You were obviously a very imaginative girl child with a good sense of humor. With the strict discipline your mom put you through when you were younger it’s amazing you turned out to be as balanced of a person as you seem to be right now. Even though you never found that 4-leaf clover it appears that luck has been on your side all along.
Monday, July 11, 2005 5:06:00 PM
doris said...
Aww Kilroy :-) I think if one has the appearance of being balanced then others think you are until you actually feel it yourself. A bit like walk the talk, I think?!

It is true I have been ever so lucky in so many ways. I could never have guessed back then the wonderful life I have now. There is something to be said for not giving up.
Monday, July 11, 2005 5:14:00 PM
arrazello said...
I think you and I have something in common. I too was always late and my attendance was unbelievably bad (the truant officer was always around our house). Similar reasons kept me away from school - I was the oldest of nine, lots of home responsibilities. Yep and I left home at 16 but I never ent back!
Wednesday, July 13, 2005 11:24:00 AM
doris said...
Isn't it sad - I bet your parent/s never thought they would lose contact with their eldest. That is not a judgement, just an observation.

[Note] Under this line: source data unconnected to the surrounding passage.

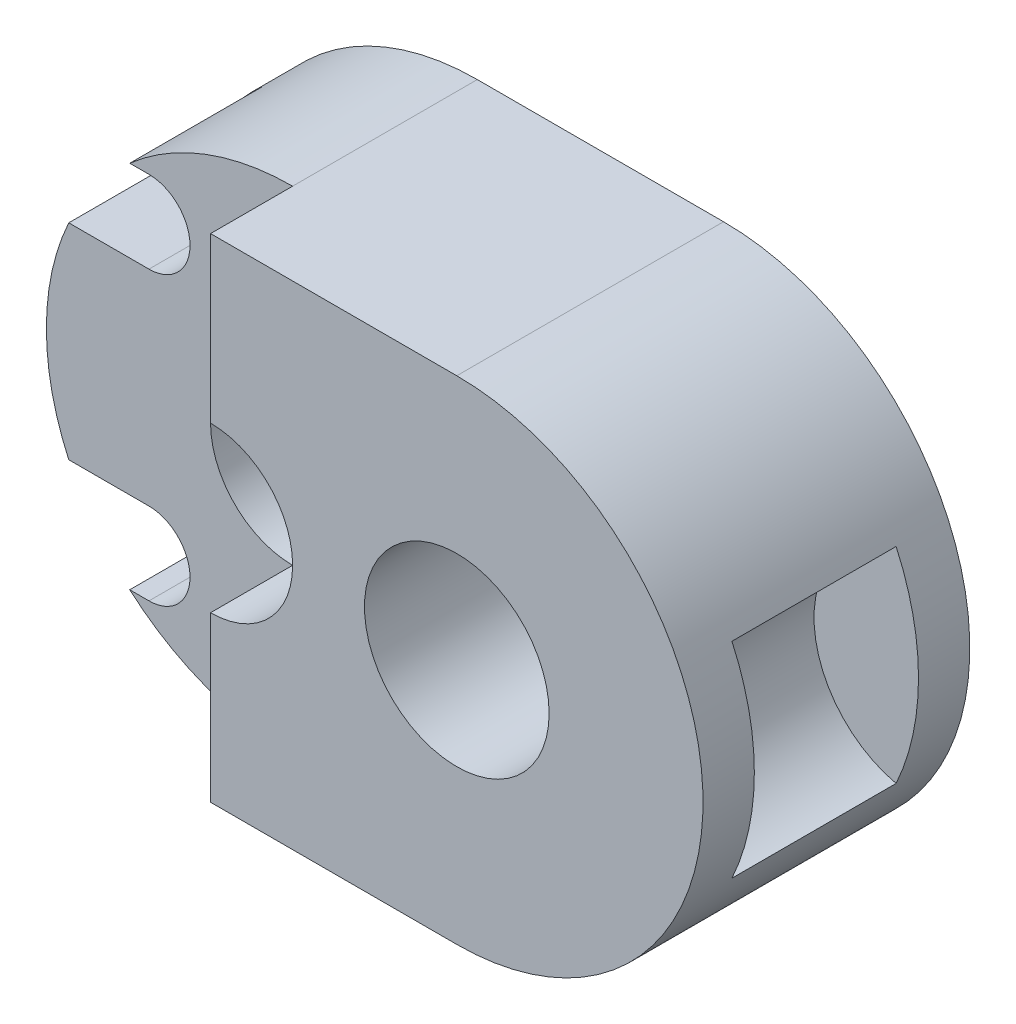
ISO-10303-21;
HEADER;
FILE_DESCRIPTION(('STEP AP214'),'2;1');
FILE_NAME('part.step','',(''),(''),'','','');
FILE_SCHEMA(('AUTOMOTIVE_DESIGN { 1 0 10303 214 1 1 1 1 }'));
ENDSEC;
DATA;
#1=APPLICATION_CONTEXT('core data for automotive mechanical design processes');
#2=APPLICATION_PROTOCOL_DEFINITION('international standard','automotive_design',2000,#1);
#3=PRODUCT_CONTEXT('',#1,'mechanical');
#4=PRODUCT('Part','Part','',(#3));
#5=PRODUCT_RELATED_PRODUCT_CATEGORY('part','',(#4));
#6=PRODUCT_DEFINITION_FORMATION('','',#4);
#7=PRODUCT_DEFINITION_CONTEXT('part definition',#1,'design');
#8=PRODUCT_DEFINITION('design','',#6,#7);
#9=PRODUCT_DEFINITION_SHAPE('','',#8);
#10=(LENGTH_UNIT() NAMED_UNIT(*) SI_UNIT(.MILLI.,.METRE.));
#11=(NAMED_UNIT(*) PLANE_ANGLE_UNIT() SI_UNIT($,.RADIAN.));
#12=(NAMED_UNIT(*) SI_UNIT($,.STERADIAN.) SOLID_ANGLE_UNIT());
#13=UNCERTAINTY_MEASURE_WITH_UNIT(LENGTH_MEASURE(1.E-05),#10,'distance_accuracy_value','');
#14=(GEOMETRIC_REPRESENTATION_CONTEXT(3) GLOBAL_UNCERTAINTY_ASSIGNED_CONTEXT((#13)) GLOBAL_UNIT_ASSIGNED_CONTEXT((#10,
#11,#12)) REPRESENTATION_CONTEXT('',''));
#15=CARTESIAN_POINT('',(0.,0.,0.));
#16=DIRECTION('',(0.,0.,1.));
#17=DIRECTION('',(1.,0.,0.));
#18=AXIS2_PLACEMENT_3D('',#15,#16,#17);
#19=CARTESIAN_POINT('',(-3.,0.,3.25));
#20=DIRECTION('',(0.,0.,-1.));
#21=DIRECTION('',(-1.,0.,0.));
#22=AXIS2_PLACEMENT_3D('',#19,#20,#21);
#23=CYLINDRICAL_SURFACE('',#22,0.5);
#24=CARTESIAN_POINT('',(-3.,0.,-3.25));
#25=DIRECTION('',(0.,0.,1.));
#26=DIRECTION('',(1.,0.,0.));
#27=AXIS2_PLACEMENT_3D('',#24,#25,#26);
#28=CIRCLE('',#27,0.5);
#29=CARTESIAN_POINT('',(-2.5,0.,-3.25));
#30=VERTEX_POINT('',#29);
#31=EDGE_CURVE('E290',#30,#30,#28,.T.);
#32=ORIENTED_EDGE('',*,*,#31,.F.);
#33=EDGE_LOOP('',(#32));
#34=FACE_BOUND('',#33,.T.);
#35=CARTESIAN_POINT('',(-3.,0.,-0.25));
#36=DIRECTION('',(0.,0.,1.));
#37=DIRECTION('',(1.,0.,0.));
#38=AXIS2_PLACEMENT_3D('',#35,#36,#37);
#39=CIRCLE('',#38,0.5);
#40=CARTESIAN_POINT('',(-2.5,0.,-0.25));
#41=VERTEX_POINT('',#40);
#42=EDGE_CURVE('E262',#41,#41,#39,.T.);
#43=ORIENTED_EDGE('',*,*,#42,.T.);
#44=EDGE_LOOP('',(#43));
#45=FACE_BOUND('',#44,.T.);
#46=ADVANCED_FACE('F68',(#34,#45),#23,.F.);
#47=CARTESIAN_POINT('',(-3.,0.,3.25));
#48=DIRECTION('',(0.,0.,1.));
#49=DIRECTION('',(1.,0.,0.));
#50=AXIS2_PLACEMENT_3D('',#47,#48,#49);
#51=PLANE('',#50);
#52=CARTESIAN_POINT('',(3.,0.,3.25));
#53=DIRECTION('',(0.,0.,1.));
#54=DIRECTION('',(1.,0.,0.));
#55=AXIS2_PLACEMENT_3D('',#52,#53,#54);
#56=CIRCLE('',#55,2.25);
#57=CARTESIAN_POINT('',(5.25,0.,3.25));
#58=VERTEX_POINT('',#57);
#59=EDGE_CURVE('E245',#58,#58,#56,.T.);
#60=ORIENTED_EDGE('',*,*,#59,.F.);
#61=EDGE_LOOP('',(#60));
#62=FACE_BOUND('',#61,.T.);
#63=CARTESIAN_POINT('',(-3.,0.,3.25));
#64=DIRECTION('',(0.,0.,1.));
#65=DIRECTION('',(1.,0.,0.));
#66=AXIS2_PLACEMENT_3D('',#63,#64,#65);
#67=CIRCLE('',#66,2.);
#68=CARTESIAN_POINT('',(-3.,-2.,3.25));
#69=VERTEX_POINT('',#68);
#70=CARTESIAN_POINT('',(-3.,2.,3.25));
#71=VERTEX_POINT('',#70);
#72=EDGE_CURVE('E249',#69,#71,#67,.T.);
#73=ORIENTED_EDGE('',*,*,#72,.F.);
#74=DIRECTION('',(0.,1.,0.));
#75=VECTOR('',#74,1.);
#76=CARTESIAN_POINT('',(-3.,6.,3.25));
#77=LINE('',#76,#75);
#78=CARTESIAN_POINT('',(-3.,-6.,3.25));
#79=VERTEX_POINT('',#78);
#80=EDGE_CURVE('E267',#79,#69,#77,.T.);
#81=ORIENTED_EDGE('',*,*,#80,.F.);
#82=DIRECTION('',(1.,0.,0.));
#83=VECTOR('',#82,1.);
#84=CARTESIAN_POINT('',(-3.,-6.,3.25));
#85=LINE('',#84,#83);
#86=CARTESIAN_POINT('',(3.,-6.,3.25));
#87=VERTEX_POINT('',#86);
#88=EDGE_CURVE('E296',#79,#87,#85,.T.);
#89=ORIENTED_EDGE('',*,*,#88,.T.);
#90=CARTESIAN_POINT('',(3.,0.,3.25));
#91=DIRECTION('',(0.,0.,1.));
#92=DIRECTION('',(1.,0.,0.));
#93=AXIS2_PLACEMENT_3D('',#90,#91,#92);
#94=CIRCLE('',#93,6.);
#95=CARTESIAN_POINT('',(3.,6.,3.25));
#96=VERTEX_POINT('',#95);
#97=EDGE_CURVE('E298',#87,#96,#94,.T.);
#98=ORIENTED_EDGE('',*,*,#97,.T.);
#99=DIRECTION('',(-1.,0.,0.));
#100=VECTOR('',#99,1.);
#101=CARTESIAN_POINT('',(-3.,6.,3.25));
#102=LINE('',#101,#100);
#103=CARTESIAN_POINT('',(-3.,6.,3.25));
#104=VERTEX_POINT('',#103);
#105=EDGE_CURVE('E301',#96,#104,#102,.T.);
#106=ORIENTED_EDGE('',*,*,#105,.T.);
#107=EDGE_CURVE('E268',#71,#104,#77,.T.);
#108=ORIENTED_EDGE('',*,*,#107,.F.);
#109=EDGE_LOOP('',(#73,#81,#89,#98,#106,#108));
#110=FACE_BOUND('',#109,.T.);
#111=ADVANCED_FACE('F389',(#62,#110),#51,.T.);
#112=CARTESIAN_POINT('',(-3.,0.,-3.25));
#113=DIRECTION('',(0.,0.,1.));
#114=DIRECTION('',(1.,0.,0.));
#115=AXIS2_PLACEMENT_3D('',#112,#113,#114);
#116=PLANE('',#115);
#117=CARTESIAN_POINT('',(3.,0.,-3.25));
#118=DIRECTION('',(0.,0.,1.));
#119=DIRECTION('',(1.,0.,0.));
#120=AXIS2_PLACEMENT_3D('',#117,#118,#119);
#121=CIRCLE('',#120,0.474999999999998);
#122=CARTESIAN_POINT('',(3.475,0.,-3.25));
#123=VERTEX_POINT('',#122);
#124=EDGE_CURVE('E366',#123,#123,#121,.T.);
#125=ORIENTED_EDGE('',*,*,#124,.T.);
#126=EDGE_LOOP('',(#125));
#127=FACE_BOUND('',#126,.T.);
#128=CARTESIAN_POINT('',(-6.5,3.5,-3.25));
#129=DIRECTION('',(0.,0.,1.));
#130=DIRECTION('',(1.,0.,0.));
#131=AXIS2_PLACEMENT_3D('',#128,#129,#130);
#132=CIRCLE('',#131,0.474999999999998);
#133=CARTESIAN_POINT('',(-6.025,3.5,-3.25));
#134=VERTEX_POINT('',#133);
#135=EDGE_CURVE('E360',#134,#134,#132,.T.);
#136=ORIENTED_EDGE('',*,*,#135,.T.);
#137=EDGE_LOOP('',(#136));
#138=FACE_BOUND('',#137,.T.);
#139=CARTESIAN_POINT('',(-6.5,-3.5,-3.25));
#140=DIRECTION('',(0.,0.,1.));
#141=DIRECTION('',(1.,0.,0.));
#142=AXIS2_PLACEMENT_3D('',#139,#140,#141);
#143=CIRCLE('',#142,0.474999999999998);
#144=CARTESIAN_POINT('',(-6.025,-3.5,-3.25));
#145=VERTEX_POINT('',#144);
#146=EDGE_CURVE('E72',#145,#145,#143,.T.);
#147=ORIENTED_EDGE('',*,*,#146,.T.);
#148=EDGE_LOOP('',(#147));
#149=FACE_BOUND('',#148,.T.);
#150=CARTESIAN_POINT('',(-3.,0.,-3.25));
#151=DIRECTION('',(0.,0.,1.));
#152=DIRECTION('',(1.,0.,0.));
#153=AXIS2_PLACEMENT_3D('',#150,#151,#152);
#154=CIRCLE('',#153,6.);
#155=CARTESIAN_POINT('',(-3.,6.,-3.25));
#156=VERTEX_POINT('',#155);
#157=CARTESIAN_POINT('',(-3.,-6.,-3.25));
#158=VERTEX_POINT('',#157);
#159=EDGE_CURVE('E295',#156,#158,#154,.T.);
#160=ORIENTED_EDGE('',*,*,#159,.F.);
#161=DIRECTION('',(-1.,0.,0.));
#162=VECTOR('',#161,1.);
#163=CARTESIAN_POINT('',(-3.,6.,-3.25));
#164=LINE('',#163,#162);
#165=CARTESIAN_POINT('',(3.,6.,-3.25));
#166=VERTEX_POINT('',#165);
#167=EDGE_CURVE('E299',#166,#156,#164,.T.);
#168=ORIENTED_EDGE('',*,*,#167,.F.);
#169=CARTESIAN_POINT('',(3.,0.,-3.25));
#170=DIRECTION('',(0.,0.,1.));
#171=DIRECTION('',(1.,0.,0.));
#172=AXIS2_PLACEMENT_3D('',#169,#170,#171);
#173=CIRCLE('',#172,6.);
#174=CARTESIAN_POINT('',(3.,-6.,-3.25));
#175=VERTEX_POINT('',#174);
#176=EDGE_CURVE('E309',#175,#166,#173,.T.);
#177=ORIENTED_EDGE('',*,*,#176,.F.);
#178=DIRECTION('',(1.,0.,0.));
#179=VECTOR('',#178,1.);
#180=CARTESIAN_POINT('',(-3.,-6.,-3.25));
#181=LINE('',#180,#179);
#182=EDGE_CURVE('E307',#158,#175,#181,.T.);
#183=ORIENTED_EDGE('',*,*,#182,.F.);
#184=EDGE_LOOP('',(#160,#168,#177,#183));
#185=FACE_BOUND('',#184,.T.);
#186=ORIENTED_EDGE('',*,*,#31,.T.);
#187=EDGE_LOOP('',(#186));
#188=FACE_BOUND('',#187,.T.);
#189=ADVANCED_FACE('F392',(#127,#138,#149,#185,#188),#116,.F.);
#190=CARTESIAN_POINT('',(-3.,0.,3.25));
#191=DIRECTION('',(0.,0.,-1.));
#192=DIRECTION('',(-1.,0.,0.));
#193=AXIS2_PLACEMENT_3D('',#190,#191,#192);
#194=CYLINDRICAL_SURFACE('',#193,6.);
#195=CARTESIAN_POINT('',(-3.,0.,-2.));
#196=DIRECTION('',(0.,0.,1.));
#197=DIRECTION('',(1.,0.,0.));
#198=AXIS2_PLACEMENT_3D('',#195,#196,#197);
#199=CIRCLE('',#198,6.);
#200=CARTESIAN_POINT('',(-6.96862696659689,4.5,-2.));
#201=VERTEX_POINT('',#200);
#202=CARTESIAN_POINT('',(-8.45435605731786,2.5,-2.));
#203=VERTEX_POINT('',#202);
#204=EDGE_CURVE('E12',#201,#203,#199,.T.);
#205=ORIENTED_EDGE('',*,*,#204,.F.);
#206=DIRECTION('',(0.,0.,-1.));
#207=VECTOR('',#206,1.);
#208=CARTESIAN_POINT('',(-6.96862696659689,4.5,3.25));
#209=LINE('',#208,#207);
#210=CARTESIAN_POINT('',(-6.96862696659689,4.5,1.25));
#211=VERTEX_POINT('',#210);
#212=EDGE_CURVE('E242',#201,#211,#209,.F.);
#213=ORIENTED_EDGE('',*,*,#212,.T.);
#214=CARTESIAN_POINT('',(-3.,0.,1.25));
#215=DIRECTION('',(0.,0.,-1.));
#216=DIRECTION('',(-1.,0.,0.));
#217=AXIS2_PLACEMENT_3D('',#214,#215,#216);
#218=CIRCLE('',#217,6.);
#219=CARTESIAN_POINT('',(-3.,6.,1.25));
#220=VERTEX_POINT('',#219);
#221=EDGE_CURVE('E275',#211,#220,#218,.T.);
#222=ORIENTED_EDGE('',*,*,#221,.T.);
#223=DIRECTION('',(0.,0.,-1.));
#224=VECTOR('',#223,1.);
#225=CARTESIAN_POINT('',(-3.,6.,3.25));
#226=LINE('',#225,#224);
#227=EDGE_CURVE('E304',#220,#156,#226,.T.);
#228=ORIENTED_EDGE('',*,*,#227,.T.);
#229=ORIENTED_EDGE('',*,*,#159,.T.);
#230=DIRECTION('',(0.,0.,-1.));
#231=VECTOR('',#230,1.);
#232=CARTESIAN_POINT('',(-3.,-6.,3.25));
#233=LINE('',#232,#231);
#234=CARTESIAN_POINT('',(-3.,-6.,1.25));
#235=VERTEX_POINT('',#234);
#236=EDGE_CURVE('E322',#235,#158,#233,.T.);
#237=ORIENTED_EDGE('',*,*,#236,.F.);
#238=CARTESIAN_POINT('',(-6.96862696659688,-4.5,1.25));
#239=VERTEX_POINT('',#238);
#240=EDGE_CURVE('E270',#235,#239,#218,.T.);
#241=ORIENTED_EDGE('',*,*,#240,.T.);
#242=DIRECTION('',(0.,0.,-1.));
#243=VECTOR('',#242,1.);
#244=CARTESIAN_POINT('',(-6.96862696659689,-4.5,3.25));
#245=LINE('',#244,#243);
#246=CARTESIAN_POINT('',(-6.96862696659688,-4.5,-2.));
#247=VERTEX_POINT('',#246);
#248=EDGE_CURVE('E217',#247,#239,#245,.F.);
#249=ORIENTED_EDGE('',*,*,#248,.F.);
#250=CARTESIAN_POINT('',(-3.,0.,-2.));
#251=DIRECTION('',(0.,0.,1.));
#252=DIRECTION('',(1.,0.,0.));
#253=AXIS2_PLACEMENT_3D('',#250,#251,#252);
#254=CIRCLE('',#253,6.);
#255=CARTESIAN_POINT('',(-8.45435605731786,-2.5,-2.));
#256=VERTEX_POINT('',#255);
#257=EDGE_CURVE('E77',#256,#247,#254,.T.);
#258=ORIENTED_EDGE('',*,*,#257,.F.);
#259=DIRECTION('',(0.,0.,-1.));
#260=VECTOR('',#259,1.);
#261=CARTESIAN_POINT('',(-8.45435605731786,-2.5,3.25));
#262=LINE('',#261,#260);
#263=CARTESIAN_POINT('',(-8.45435605731786,-2.5,1.25));
#264=VERTEX_POINT('',#263);
#265=EDGE_CURVE('E238',#256,#264,#262,.F.);
#266=ORIENTED_EDGE('',*,*,#265,.T.);
#267=CARTESIAN_POINT('',(-8.45435605731786,2.5,1.25));
#268=VERTEX_POINT('',#267);
#269=EDGE_CURVE('E274',#264,#268,#218,.T.);
#270=ORIENTED_EDGE('',*,*,#269,.T.);
#271=DIRECTION('',(0.,0.,-1.));
#272=VECTOR('',#271,1.);
#273=CARTESIAN_POINT('',(-8.45435605731786,2.5,3.25));
#274=LINE('',#273,#272);
#275=EDGE_CURVE('E92',#203,#268,#274,.F.);
#276=ORIENTED_EDGE('',*,*,#275,.F.);
#277=EDGE_LOOP('',(#205,#213,#222,#228,#229,#237,#241,#249,#258,#266,#270,#276));
#278=FACE_BOUND('',#277,.T.);
#279=ADVANCED_FACE('F70',(#278),#194,.T.);
#280=CARTESIAN_POINT('',(-3.,-6.,3.25));
#281=DIRECTION('',(0.,1.,0.));
#282=DIRECTION('',(-1.,0.,0.));
#283=AXIS2_PLACEMENT_3D('',#280,#281,#282);
#284=PLANE('',#283);
#285=ORIENTED_EDGE('',*,*,#182,.T.);
#286=DIRECTION('',(0.,0.,-1.));
#287=VECTOR('',#286,1.);
#288=CARTESIAN_POINT('',(3.,-6.,3.25));
#289=LINE('',#288,#287);
#290=EDGE_CURVE('E319',#87,#175,#289,.T.);
#291=ORIENTED_EDGE('',*,*,#290,.F.);
#292=ORIENTED_EDGE('',*,*,#88,.F.);
#293=EDGE_CURVE('E323',#79,#235,#233,.T.);
#294=ORIENTED_EDGE('',*,*,#293,.T.);
#295=ORIENTED_EDGE('',*,*,#236,.T.);
#296=EDGE_LOOP('',(#285,#291,#292,#294,#295));
#297=FACE_BOUND('',#296,.T.);
#298=ADVANCED_FACE('F415',(#297),#284,.F.);
#299=CARTESIAN_POINT('',(3.,0.,3.25));
#300=DIRECTION('',(0.,0.,-1.));
#301=DIRECTION('',(-1.,0.,0.));
#302=AXIS2_PLACEMENT_3D('',#299,#300,#301);
#303=CYLINDRICAL_SURFACE('',#302,6.);
#304=DIRECTION('',(0.,0.,1.));
#305=VECTOR('',#304,1.);
#306=CARTESIAN_POINT('',(8.45435605731786,2.5,-2.));
#307=LINE('',#306,#305);
#308=CARTESIAN_POINT('',(8.45435605731786,2.5,-2.));
#309=VERTEX_POINT('',#308);
#310=CARTESIAN_POINT('',(8.45435605731786,2.5,2.));
#311=VERTEX_POINT('',#310);
#312=EDGE_CURVE('E282',#309,#311,#307,.T.);
#313=ORIENTED_EDGE('',*,*,#312,.F.);
#314=CARTESIAN_POINT('',(3.,0.,-2.));
#315=DIRECTION('',(0.,0.,1.));
#316=DIRECTION('',(-1.,0.,0.));
#317=AXIS2_PLACEMENT_3D('',#314,#315,#316);
#318=CIRCLE('',#317,6.);
#319=CARTESIAN_POINT('',(8.45435605731785,-2.5,-2.));
#320=VERTEX_POINT('',#319);
#321=EDGE_CURVE('E276',#320,#309,#318,.T.);
#322=ORIENTED_EDGE('',*,*,#321,.F.);
#323=DIRECTION('',(0.,0.,1.));
#324=VECTOR('',#323,1.);
#325=CARTESIAN_POINT('',(8.45435605731785,-2.5,-2.));
#326=LINE('',#325,#324);
#327=CARTESIAN_POINT('',(8.45435605731785,-2.5,2.));
#328=VERTEX_POINT('',#327);
#329=EDGE_CURVE('E287',#320,#328,#326,.T.);
#330=ORIENTED_EDGE('',*,*,#329,.T.);
#331=CARTESIAN_POINT('',(3.,0.,2.));
#332=DIRECTION('',(0.,0.,1.));
#333=DIRECTION('',(-1.,0.,0.));
#334=AXIS2_PLACEMENT_3D('',#331,#332,#333);
#335=CIRCLE('',#334,6.);
#336=EDGE_CURVE('E273',#328,#311,#335,.T.);
#337=ORIENTED_EDGE('',*,*,#336,.T.);
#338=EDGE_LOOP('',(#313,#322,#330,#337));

But isn't it great to be an adult and away from all that! :-)
Wednesday, July 13, 2005 12:23:00 PM
arrazello said...
I left home because my mum threw me out for washing my clothes too much. She said she couldn't afford the electric! Maybe I should do a little blog on that. Never heard such a petty reason before.
Still....
I never held a grudge for long.
Thursday, July 14, 2005 1:26:00 PM
Anomaly Resource said...
Which Tesla book was it?
I read "Tesla: The Modern Sorcerer", by Daniel Blair Stewart and loved it! I realize that a lot of people say it's for kids, but even most of the critics said they enjoyed it. I want to read Tesla's autobiography, but haven't gotten around to it yet...
By the way, you've said that you and your husband are interested in Velikovsky. Well, I just found a very interesting site run by a group of historians who are preserving Velikovsky's unpublished works. I already printed out "In the Beginning" and I'm almost done with it! It makes "Worlds in Collision" look tame!

http://www.varchive.org/
Friday, August 12, 2005 5:36:00 AM
doris said...
Hi Anomaly!

It is Tesla: Man out of Time Margaret Cheney

I'm still reading it so it hasn't been quite as compelling but I'm still enjoying it otherwise I wouldn't continue.

Your book sounds great! There are a lot of so-called kids books which I think more adults should read. I understand that when computers were becoming more popular that the children's Ladybird book on Computers was the first book of choice for the British Civil Service! It was good - I bought a copy too.

Thanks for the link. I know little about Velikovsky so am always delighted when someone else knows of him.